What the exercise asks | Produce as output only the lines below starting at the line with "of L32.start L36.start" and continuing through the line with "point (20, -130)", each one exactly as written.

========================================================================

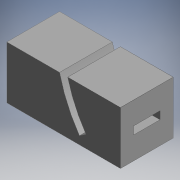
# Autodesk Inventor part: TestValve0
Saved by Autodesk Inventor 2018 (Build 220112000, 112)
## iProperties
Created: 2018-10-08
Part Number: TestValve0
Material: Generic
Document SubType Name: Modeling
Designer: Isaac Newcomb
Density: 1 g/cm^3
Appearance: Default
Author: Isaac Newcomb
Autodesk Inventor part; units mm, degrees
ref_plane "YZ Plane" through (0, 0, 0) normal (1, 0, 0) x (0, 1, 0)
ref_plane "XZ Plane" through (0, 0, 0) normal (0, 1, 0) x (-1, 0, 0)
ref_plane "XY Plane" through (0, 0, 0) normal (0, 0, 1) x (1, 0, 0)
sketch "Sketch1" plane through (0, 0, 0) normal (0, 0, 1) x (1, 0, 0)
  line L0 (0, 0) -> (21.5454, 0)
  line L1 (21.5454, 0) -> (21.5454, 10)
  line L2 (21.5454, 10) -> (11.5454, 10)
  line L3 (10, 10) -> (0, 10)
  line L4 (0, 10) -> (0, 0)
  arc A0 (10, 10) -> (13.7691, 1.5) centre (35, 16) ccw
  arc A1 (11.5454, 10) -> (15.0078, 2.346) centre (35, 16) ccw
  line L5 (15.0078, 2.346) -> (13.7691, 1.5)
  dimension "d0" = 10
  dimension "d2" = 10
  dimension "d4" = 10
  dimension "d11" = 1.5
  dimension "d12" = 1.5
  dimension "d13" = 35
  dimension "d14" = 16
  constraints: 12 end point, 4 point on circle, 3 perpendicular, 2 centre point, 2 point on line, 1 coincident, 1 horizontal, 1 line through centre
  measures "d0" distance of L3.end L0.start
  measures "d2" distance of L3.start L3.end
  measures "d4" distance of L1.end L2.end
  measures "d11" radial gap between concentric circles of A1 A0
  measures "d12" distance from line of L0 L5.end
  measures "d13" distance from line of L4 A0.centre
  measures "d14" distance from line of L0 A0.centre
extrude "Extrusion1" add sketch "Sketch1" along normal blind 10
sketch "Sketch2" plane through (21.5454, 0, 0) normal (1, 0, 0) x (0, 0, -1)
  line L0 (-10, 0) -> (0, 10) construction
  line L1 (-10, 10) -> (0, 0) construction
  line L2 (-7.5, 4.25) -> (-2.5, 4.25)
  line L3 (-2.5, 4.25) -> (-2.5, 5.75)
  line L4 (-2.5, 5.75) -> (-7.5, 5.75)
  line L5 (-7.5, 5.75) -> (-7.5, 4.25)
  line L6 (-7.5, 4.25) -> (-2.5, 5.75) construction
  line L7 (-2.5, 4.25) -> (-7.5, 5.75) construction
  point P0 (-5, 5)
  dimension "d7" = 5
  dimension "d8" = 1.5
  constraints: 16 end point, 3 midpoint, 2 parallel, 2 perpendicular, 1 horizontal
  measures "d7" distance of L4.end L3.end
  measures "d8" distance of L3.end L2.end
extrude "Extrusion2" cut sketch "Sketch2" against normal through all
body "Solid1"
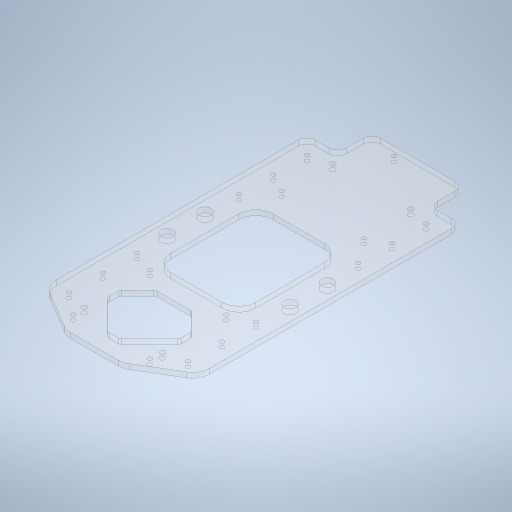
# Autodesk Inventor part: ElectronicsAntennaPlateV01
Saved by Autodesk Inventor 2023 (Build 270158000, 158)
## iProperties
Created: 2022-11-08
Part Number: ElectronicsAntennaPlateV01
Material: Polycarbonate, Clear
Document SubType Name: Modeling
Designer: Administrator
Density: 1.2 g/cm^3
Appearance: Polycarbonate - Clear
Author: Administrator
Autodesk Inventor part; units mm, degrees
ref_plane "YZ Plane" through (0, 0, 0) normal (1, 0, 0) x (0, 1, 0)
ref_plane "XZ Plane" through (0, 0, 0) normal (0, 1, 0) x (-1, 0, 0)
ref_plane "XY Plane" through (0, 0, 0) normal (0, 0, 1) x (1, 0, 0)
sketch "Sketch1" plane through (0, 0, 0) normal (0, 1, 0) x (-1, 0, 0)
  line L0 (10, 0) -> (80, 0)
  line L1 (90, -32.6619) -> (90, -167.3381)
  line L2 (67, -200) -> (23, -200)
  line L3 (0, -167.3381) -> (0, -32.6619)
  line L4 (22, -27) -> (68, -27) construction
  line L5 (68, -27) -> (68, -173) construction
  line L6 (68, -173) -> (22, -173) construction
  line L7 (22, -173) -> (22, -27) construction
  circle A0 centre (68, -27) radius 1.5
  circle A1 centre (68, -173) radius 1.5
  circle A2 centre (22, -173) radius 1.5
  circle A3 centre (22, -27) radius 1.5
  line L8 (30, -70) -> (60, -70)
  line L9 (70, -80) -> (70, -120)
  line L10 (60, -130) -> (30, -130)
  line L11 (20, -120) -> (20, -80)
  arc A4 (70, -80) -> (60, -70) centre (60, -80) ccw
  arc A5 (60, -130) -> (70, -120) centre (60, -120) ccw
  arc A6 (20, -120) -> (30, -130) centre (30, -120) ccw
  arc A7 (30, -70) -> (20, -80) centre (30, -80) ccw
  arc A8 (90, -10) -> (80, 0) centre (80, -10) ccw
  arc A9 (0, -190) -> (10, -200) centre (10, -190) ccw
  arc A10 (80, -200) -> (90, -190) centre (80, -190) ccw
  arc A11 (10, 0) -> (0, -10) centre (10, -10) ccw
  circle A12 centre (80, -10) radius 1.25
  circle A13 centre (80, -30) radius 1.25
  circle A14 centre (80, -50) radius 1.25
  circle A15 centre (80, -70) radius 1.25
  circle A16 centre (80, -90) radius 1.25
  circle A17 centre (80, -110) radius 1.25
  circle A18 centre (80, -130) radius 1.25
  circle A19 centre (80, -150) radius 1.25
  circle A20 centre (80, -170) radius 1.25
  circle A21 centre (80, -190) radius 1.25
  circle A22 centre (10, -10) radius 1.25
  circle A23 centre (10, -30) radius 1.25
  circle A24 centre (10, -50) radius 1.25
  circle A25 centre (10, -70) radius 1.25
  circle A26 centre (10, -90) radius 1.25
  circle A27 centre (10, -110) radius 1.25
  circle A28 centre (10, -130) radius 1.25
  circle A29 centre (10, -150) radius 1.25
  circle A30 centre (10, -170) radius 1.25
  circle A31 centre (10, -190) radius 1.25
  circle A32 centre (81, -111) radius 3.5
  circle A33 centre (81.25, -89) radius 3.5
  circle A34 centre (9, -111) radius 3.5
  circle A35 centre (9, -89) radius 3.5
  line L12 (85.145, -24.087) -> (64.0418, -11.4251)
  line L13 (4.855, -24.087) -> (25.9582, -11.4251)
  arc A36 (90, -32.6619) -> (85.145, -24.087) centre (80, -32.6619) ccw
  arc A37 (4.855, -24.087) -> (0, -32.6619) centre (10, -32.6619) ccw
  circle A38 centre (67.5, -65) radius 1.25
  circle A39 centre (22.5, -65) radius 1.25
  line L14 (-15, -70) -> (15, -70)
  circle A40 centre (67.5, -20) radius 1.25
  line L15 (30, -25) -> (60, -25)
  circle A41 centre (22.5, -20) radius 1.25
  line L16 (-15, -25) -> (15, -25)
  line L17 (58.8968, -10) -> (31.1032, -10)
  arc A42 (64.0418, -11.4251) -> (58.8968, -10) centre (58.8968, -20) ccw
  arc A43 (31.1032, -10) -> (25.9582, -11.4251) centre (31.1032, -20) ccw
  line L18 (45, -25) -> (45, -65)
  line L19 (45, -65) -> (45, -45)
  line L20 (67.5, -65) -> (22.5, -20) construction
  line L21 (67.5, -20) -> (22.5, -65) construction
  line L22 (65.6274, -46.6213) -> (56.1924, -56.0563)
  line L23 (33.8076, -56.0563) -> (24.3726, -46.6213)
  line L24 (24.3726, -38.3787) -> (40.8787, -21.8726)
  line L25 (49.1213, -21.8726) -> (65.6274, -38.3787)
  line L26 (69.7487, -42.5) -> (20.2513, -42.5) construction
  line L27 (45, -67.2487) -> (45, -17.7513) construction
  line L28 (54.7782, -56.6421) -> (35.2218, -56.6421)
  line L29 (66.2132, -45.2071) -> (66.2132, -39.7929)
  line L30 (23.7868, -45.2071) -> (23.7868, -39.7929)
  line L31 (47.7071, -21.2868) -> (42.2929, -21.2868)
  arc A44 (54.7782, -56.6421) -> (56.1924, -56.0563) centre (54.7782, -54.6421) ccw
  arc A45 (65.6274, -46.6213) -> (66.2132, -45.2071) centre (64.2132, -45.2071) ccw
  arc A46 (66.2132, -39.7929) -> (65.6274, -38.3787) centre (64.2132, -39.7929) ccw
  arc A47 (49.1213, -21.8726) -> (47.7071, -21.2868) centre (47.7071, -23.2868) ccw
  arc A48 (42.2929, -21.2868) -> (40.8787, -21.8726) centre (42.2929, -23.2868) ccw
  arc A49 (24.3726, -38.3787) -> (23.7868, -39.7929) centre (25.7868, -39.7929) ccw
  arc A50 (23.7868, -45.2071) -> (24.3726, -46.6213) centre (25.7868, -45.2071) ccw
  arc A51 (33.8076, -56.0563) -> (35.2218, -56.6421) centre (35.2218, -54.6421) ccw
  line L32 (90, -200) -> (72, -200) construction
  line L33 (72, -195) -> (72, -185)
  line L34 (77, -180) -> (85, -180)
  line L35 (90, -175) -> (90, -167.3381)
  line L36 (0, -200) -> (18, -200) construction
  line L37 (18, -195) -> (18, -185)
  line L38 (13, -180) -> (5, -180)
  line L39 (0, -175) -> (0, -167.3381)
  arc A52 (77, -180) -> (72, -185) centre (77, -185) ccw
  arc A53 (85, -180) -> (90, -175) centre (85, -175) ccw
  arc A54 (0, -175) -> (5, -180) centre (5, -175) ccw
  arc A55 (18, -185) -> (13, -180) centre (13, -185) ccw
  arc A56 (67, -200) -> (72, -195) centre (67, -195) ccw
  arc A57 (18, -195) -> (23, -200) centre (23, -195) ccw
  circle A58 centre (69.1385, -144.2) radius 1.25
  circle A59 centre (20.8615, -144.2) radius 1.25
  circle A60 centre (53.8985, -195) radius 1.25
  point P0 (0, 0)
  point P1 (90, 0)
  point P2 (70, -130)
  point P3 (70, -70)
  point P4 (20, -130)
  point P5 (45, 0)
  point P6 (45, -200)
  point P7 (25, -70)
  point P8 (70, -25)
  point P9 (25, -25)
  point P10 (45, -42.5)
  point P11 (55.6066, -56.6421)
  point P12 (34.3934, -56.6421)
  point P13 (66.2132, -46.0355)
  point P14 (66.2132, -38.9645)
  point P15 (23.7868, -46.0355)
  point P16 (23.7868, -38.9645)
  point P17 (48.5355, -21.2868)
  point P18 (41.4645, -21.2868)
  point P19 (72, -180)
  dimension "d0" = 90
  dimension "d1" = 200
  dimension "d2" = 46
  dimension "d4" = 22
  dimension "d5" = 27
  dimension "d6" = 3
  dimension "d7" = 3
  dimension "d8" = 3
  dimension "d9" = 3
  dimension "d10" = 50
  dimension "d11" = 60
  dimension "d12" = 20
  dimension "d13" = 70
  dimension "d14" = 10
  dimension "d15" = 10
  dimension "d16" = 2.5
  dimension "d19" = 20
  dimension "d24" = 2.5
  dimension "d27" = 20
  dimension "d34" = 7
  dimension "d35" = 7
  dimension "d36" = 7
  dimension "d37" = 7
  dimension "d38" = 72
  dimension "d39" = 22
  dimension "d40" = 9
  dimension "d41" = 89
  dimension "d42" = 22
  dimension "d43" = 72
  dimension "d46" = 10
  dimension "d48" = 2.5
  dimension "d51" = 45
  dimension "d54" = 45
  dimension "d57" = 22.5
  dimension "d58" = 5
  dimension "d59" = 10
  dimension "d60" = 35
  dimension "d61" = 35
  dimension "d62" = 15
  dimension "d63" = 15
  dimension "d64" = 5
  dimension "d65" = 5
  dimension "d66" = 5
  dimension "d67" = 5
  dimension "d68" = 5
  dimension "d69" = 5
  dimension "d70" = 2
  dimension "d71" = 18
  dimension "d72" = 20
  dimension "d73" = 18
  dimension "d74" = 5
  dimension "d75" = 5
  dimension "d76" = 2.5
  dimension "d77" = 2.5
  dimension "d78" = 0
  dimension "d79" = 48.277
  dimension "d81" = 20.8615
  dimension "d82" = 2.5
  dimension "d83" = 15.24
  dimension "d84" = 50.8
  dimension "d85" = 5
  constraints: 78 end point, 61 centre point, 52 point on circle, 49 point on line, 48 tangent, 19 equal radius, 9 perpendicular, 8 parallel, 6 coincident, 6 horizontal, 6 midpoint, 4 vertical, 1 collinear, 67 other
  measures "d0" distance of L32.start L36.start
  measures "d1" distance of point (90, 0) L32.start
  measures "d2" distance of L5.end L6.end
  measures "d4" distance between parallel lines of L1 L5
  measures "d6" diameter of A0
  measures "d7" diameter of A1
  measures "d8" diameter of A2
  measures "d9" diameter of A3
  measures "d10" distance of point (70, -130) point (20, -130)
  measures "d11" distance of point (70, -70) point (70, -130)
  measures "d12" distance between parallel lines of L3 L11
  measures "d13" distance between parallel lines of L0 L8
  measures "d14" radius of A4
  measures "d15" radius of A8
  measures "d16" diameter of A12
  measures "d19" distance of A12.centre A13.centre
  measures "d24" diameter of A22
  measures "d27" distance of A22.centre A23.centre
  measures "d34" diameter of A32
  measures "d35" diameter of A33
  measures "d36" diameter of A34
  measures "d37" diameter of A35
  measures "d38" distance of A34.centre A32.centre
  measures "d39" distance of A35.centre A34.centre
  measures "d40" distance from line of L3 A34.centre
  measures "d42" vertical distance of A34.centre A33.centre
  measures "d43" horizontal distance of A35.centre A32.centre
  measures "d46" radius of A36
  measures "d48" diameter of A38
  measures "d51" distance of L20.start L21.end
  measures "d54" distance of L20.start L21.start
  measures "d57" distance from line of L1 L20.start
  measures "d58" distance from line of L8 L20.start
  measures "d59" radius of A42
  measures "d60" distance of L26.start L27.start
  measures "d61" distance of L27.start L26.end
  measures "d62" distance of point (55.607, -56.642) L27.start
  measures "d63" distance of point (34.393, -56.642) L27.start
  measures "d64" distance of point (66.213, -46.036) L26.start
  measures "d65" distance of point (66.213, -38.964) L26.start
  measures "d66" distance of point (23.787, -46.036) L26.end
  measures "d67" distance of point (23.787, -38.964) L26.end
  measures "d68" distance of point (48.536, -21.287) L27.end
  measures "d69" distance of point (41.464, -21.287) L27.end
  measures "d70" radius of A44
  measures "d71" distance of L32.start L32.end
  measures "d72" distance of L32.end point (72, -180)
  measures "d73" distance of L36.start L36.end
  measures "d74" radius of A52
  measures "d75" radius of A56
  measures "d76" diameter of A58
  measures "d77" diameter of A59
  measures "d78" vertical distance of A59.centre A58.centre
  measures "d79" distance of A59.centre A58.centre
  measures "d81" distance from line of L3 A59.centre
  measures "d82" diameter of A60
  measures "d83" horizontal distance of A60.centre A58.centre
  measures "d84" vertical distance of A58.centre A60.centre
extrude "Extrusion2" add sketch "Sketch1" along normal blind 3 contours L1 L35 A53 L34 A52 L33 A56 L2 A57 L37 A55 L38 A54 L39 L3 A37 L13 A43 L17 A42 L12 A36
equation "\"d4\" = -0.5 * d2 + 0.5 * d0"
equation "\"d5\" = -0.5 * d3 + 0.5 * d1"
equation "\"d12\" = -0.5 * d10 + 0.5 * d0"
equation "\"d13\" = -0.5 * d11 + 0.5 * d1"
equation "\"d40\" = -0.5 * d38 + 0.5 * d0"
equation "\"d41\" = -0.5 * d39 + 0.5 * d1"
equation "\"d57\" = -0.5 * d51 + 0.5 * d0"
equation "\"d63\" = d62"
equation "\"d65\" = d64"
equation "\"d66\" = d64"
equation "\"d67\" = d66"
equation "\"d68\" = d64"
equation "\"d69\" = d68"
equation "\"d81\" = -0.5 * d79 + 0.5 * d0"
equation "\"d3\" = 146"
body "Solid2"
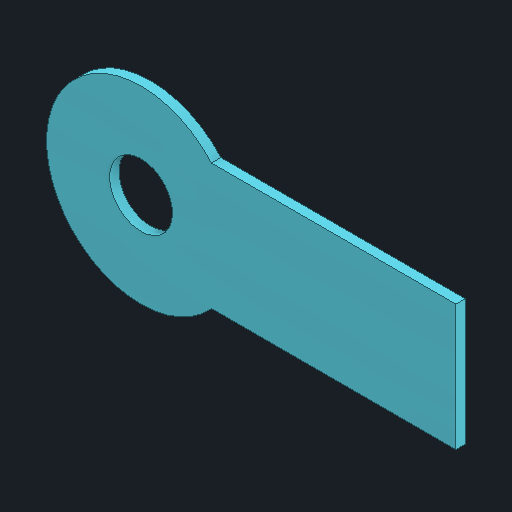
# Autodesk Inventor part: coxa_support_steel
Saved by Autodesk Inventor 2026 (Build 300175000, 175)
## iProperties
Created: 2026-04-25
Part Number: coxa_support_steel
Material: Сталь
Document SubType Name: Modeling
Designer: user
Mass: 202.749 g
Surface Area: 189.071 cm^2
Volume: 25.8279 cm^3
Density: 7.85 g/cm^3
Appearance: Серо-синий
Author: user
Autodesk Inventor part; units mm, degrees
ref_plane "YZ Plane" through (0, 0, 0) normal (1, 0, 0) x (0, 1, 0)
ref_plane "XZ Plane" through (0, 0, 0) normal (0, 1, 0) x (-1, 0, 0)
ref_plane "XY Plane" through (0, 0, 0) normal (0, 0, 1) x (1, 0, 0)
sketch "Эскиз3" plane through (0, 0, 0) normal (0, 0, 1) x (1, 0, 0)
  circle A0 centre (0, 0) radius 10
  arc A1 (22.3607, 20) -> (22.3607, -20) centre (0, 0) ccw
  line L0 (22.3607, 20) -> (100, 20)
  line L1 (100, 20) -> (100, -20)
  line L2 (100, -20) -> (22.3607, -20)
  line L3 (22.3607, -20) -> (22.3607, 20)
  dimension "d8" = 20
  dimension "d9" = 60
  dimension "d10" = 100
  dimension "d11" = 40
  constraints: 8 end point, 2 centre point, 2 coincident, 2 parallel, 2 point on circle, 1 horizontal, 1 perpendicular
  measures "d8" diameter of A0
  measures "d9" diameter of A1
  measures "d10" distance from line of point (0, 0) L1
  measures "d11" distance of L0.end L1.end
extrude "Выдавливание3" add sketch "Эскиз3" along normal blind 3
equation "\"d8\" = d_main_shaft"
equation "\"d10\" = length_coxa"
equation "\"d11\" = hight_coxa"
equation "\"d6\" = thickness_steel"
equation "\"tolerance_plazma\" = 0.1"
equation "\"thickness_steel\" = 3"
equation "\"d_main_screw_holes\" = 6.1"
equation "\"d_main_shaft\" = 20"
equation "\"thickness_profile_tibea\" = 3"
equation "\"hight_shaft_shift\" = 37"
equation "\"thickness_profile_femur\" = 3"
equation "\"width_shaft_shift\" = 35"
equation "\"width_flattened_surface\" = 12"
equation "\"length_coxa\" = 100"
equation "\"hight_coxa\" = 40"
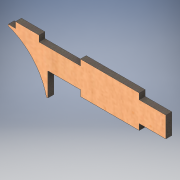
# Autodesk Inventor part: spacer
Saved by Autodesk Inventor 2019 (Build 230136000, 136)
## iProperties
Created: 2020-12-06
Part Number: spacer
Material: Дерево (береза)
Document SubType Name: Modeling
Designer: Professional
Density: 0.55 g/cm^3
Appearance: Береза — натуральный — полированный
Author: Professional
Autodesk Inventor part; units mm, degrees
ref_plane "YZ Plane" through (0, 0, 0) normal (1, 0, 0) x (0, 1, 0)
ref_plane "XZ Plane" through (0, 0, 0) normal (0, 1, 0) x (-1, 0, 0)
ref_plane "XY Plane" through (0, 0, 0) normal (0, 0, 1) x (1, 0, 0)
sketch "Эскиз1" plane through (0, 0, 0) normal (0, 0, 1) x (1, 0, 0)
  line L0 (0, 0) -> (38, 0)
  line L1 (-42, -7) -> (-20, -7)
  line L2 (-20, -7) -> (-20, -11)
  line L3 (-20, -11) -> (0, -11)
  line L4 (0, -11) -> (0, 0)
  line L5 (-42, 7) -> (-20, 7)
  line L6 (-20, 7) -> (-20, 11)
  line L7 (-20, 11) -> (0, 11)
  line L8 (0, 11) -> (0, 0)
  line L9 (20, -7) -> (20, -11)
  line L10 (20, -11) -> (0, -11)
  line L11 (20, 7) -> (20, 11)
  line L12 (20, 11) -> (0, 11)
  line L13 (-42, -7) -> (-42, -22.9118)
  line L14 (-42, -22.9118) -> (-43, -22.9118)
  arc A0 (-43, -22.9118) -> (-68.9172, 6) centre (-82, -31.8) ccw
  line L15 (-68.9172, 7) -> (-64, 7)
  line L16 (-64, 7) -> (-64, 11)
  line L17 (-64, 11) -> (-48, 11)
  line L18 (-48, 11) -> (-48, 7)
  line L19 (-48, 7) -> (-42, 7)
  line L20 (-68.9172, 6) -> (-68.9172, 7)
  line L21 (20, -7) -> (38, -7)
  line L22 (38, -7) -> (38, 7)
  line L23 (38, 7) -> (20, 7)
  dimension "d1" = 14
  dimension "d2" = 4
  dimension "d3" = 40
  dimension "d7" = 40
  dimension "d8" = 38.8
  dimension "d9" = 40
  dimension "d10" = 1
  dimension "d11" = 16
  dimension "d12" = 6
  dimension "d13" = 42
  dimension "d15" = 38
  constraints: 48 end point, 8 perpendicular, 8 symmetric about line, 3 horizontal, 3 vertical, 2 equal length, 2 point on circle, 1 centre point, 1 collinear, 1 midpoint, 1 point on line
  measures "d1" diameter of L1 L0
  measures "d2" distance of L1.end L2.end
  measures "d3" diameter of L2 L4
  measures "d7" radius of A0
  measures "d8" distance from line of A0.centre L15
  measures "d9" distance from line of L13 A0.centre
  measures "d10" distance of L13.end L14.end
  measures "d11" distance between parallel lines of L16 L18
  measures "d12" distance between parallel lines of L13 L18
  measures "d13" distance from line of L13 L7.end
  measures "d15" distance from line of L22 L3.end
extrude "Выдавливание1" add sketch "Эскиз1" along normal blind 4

========================================================================

Task answer |
  measures "d0" distance of L32.start L36.start
  measures "d1" distance of point (90, 0) L32.start
  measures "d2" distance of L5.end L6.end
  measures "d4" distance between parallel lines of L1 L5
  measures "d6" diameter of A0
  measures "d7" diameter of A1
  measures "d8" diameter of A2
  measures "d9" diameter of A3
  measures "d10" distance of point (70, -130) point (20, -130)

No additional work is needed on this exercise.